Enfin, s’agissant des avis d’aptitude avec des restrictions : les conséquences des avis d’aptitudes avec d’importantes réserves sont difficiles à comprendre, et alimentent les contestations auprès de l’administration du travail et contentieux judiciaire. La mission suggère de sécuriser la rédaction des propositions d’adaptation du poste aux capacités restantes du salarié, notamment lorsque les restrictions des tâches sont importantes. Les auteurs du rapport proposent que la rédaction des propositions du médecin fasse l’objet d’un échange entre le médecin du travail et au moins un autre médecin du travail du service et le/ou les membres du service de santé qui ont participé à la démarche de maintien dans l’emploi.

Le rapport esquive une difficulté à laquelle de nombreux employeurs sont confrontés. Rappelons que lorsque le médecin déclare un salarié apte avec de nombreuses contre-indications, cette déclaration ne peut être assimilée à une inaptitude… quand bien même les restrictions imposées au poste ne permettent plus de facto au salarié de tenir son emploi. Or, le salarié déclaré apte avec réserve doit retrouver son poste initial, aménagé en tenant compte des préconisations du médecin. La seule ressource offerte à l’employeur est la contestation de l’avis médical devant l’inspecteur du travail. En attendant la fin de la procédure, l’employeur reste tenu de faire travailler son salarié…. Mais sur quel poste ???

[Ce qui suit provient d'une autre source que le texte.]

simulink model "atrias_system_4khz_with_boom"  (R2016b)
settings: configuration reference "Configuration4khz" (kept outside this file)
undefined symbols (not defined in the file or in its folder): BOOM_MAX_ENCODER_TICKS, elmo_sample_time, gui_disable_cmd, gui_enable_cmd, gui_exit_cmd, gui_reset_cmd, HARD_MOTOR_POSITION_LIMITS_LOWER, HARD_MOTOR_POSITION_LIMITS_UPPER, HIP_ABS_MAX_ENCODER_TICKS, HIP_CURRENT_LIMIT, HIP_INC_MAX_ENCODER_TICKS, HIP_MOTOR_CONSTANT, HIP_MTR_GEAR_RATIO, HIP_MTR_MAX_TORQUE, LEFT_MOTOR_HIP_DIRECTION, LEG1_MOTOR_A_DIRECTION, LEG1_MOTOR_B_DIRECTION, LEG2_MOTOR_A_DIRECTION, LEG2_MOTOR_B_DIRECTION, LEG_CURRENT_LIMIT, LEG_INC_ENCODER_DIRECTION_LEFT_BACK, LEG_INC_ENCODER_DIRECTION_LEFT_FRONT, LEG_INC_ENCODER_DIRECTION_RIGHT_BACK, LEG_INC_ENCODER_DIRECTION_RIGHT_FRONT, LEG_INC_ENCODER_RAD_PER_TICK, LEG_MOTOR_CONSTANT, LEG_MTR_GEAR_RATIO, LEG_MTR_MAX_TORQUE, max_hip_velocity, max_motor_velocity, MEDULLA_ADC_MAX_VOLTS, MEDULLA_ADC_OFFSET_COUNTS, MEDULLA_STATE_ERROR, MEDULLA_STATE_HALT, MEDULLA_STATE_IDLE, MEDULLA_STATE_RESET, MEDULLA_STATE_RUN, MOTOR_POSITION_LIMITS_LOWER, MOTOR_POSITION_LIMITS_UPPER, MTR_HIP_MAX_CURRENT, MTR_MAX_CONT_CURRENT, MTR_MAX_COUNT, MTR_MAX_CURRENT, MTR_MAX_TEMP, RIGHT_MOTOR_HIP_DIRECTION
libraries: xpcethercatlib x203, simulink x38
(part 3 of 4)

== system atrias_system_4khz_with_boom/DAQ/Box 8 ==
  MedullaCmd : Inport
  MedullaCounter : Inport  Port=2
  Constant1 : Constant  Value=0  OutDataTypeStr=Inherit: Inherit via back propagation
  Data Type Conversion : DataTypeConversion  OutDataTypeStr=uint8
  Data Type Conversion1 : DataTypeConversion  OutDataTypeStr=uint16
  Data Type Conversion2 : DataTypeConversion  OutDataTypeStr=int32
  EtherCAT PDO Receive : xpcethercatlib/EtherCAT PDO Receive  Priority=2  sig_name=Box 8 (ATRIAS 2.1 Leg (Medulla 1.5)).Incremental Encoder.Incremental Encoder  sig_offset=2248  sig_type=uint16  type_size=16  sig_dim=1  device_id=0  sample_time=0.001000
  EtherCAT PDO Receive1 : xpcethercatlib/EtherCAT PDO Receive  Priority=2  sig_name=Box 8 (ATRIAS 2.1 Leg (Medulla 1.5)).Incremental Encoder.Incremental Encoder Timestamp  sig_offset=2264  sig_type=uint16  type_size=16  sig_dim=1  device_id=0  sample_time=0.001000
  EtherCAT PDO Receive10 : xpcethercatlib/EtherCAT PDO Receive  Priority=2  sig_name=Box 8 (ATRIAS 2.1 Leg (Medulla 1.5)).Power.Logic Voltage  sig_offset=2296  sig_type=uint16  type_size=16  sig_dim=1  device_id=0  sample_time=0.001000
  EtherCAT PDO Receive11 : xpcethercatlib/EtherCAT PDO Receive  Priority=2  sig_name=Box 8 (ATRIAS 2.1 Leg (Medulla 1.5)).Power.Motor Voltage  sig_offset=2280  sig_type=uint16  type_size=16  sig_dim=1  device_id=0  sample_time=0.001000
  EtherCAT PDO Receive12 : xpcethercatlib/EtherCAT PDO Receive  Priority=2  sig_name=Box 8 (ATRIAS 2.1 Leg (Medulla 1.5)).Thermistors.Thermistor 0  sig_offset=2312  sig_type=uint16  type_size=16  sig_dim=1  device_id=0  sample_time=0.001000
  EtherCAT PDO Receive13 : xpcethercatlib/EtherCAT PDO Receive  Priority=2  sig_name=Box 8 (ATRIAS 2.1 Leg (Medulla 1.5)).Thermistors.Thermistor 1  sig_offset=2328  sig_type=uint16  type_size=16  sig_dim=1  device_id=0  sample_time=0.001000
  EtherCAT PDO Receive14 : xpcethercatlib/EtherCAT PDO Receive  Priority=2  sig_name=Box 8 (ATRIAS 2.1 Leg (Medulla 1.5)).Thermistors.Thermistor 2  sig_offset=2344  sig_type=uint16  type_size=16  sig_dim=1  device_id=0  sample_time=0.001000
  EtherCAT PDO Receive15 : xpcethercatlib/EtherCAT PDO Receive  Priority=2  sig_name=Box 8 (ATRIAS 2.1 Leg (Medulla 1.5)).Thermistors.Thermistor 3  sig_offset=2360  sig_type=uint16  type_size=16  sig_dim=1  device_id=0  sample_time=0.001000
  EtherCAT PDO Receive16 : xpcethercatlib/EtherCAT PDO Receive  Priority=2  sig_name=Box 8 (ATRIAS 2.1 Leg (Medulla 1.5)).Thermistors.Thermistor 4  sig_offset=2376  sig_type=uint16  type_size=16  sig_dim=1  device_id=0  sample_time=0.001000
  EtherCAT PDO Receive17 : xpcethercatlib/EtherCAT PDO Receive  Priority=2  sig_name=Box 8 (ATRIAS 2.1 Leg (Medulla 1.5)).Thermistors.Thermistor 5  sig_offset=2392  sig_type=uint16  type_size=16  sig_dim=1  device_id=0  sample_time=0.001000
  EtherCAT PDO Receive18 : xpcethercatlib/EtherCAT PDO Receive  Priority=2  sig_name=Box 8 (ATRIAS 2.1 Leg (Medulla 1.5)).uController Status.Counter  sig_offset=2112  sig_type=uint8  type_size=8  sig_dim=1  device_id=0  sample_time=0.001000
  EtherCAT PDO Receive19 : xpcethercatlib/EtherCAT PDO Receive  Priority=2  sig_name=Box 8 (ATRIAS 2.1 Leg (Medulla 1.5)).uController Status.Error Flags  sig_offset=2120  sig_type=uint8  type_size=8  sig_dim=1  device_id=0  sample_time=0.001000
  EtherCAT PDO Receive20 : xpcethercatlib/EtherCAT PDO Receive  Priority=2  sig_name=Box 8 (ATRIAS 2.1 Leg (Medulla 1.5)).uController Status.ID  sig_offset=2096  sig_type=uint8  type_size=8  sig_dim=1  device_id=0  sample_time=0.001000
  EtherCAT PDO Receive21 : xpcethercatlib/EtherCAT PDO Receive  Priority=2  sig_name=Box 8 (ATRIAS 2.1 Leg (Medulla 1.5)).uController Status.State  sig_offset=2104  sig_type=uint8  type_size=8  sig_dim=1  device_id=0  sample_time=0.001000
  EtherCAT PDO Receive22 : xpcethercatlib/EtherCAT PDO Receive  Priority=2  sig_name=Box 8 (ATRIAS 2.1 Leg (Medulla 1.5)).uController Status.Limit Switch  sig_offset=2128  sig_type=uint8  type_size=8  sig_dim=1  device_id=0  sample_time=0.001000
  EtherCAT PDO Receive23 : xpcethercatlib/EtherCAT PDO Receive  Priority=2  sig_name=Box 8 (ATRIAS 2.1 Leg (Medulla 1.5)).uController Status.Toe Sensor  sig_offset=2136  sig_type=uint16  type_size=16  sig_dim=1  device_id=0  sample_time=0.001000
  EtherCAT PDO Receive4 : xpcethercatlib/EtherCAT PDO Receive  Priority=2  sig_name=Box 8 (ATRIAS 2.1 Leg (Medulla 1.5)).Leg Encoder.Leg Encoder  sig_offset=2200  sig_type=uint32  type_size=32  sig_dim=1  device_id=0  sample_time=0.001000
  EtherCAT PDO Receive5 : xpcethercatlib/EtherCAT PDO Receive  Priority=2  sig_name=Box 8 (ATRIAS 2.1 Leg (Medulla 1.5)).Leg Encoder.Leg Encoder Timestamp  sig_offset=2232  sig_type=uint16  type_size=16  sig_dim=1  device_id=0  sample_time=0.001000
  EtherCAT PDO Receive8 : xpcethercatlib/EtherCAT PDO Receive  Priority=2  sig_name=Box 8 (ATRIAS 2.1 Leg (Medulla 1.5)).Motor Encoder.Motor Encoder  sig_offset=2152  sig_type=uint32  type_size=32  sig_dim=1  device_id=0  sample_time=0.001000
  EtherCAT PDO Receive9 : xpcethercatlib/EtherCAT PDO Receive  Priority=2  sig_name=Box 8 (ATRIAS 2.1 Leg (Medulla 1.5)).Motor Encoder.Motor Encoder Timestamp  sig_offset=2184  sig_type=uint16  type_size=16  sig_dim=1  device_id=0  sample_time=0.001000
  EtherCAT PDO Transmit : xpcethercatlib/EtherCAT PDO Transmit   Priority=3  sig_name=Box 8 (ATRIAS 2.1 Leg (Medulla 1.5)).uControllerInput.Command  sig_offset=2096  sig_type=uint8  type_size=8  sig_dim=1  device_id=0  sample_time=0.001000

Espérons que la libération de temps qu’occasionnerait l’allègement des visites d’aptitudes et des contrôles récurrents (hors pré-reprise et visite de reprise) permettrait aux médecins du travail de se rendre sur place, de comprendre comment fonctionne le poste, en particulier avec les autres postes, et serait l’occasion d’un échange constructif avec l’employeur… à condition de ne pas partir d’un postulat de mauvaise foi de l’employeur. La pratique a trop souvent montré que certaines restrictions imposées par le médecin du travail étaient totalement déconnectées de la réalité de l’emploi (chauffagiste qui ne peut pas lever les bras, serveur qui ne peut pas rester debout, commercial qui ne peut pas faire plus de 15 mn de voiture, concierge d’hôtel de luxe qui ne peut pas être en contact avec la clientèle…. Les exemples foisonnent !). De tels avis d’aptitude sont, de fait, des avis d’inaptitude au poste.  Rappelons que s’il reste important du point de vue social qu’un salarié puisse conserver son emploi, il n’en reste pas moins qu’un employeur dirige une entreprise à but lucratif, pour le bien de tous aussi.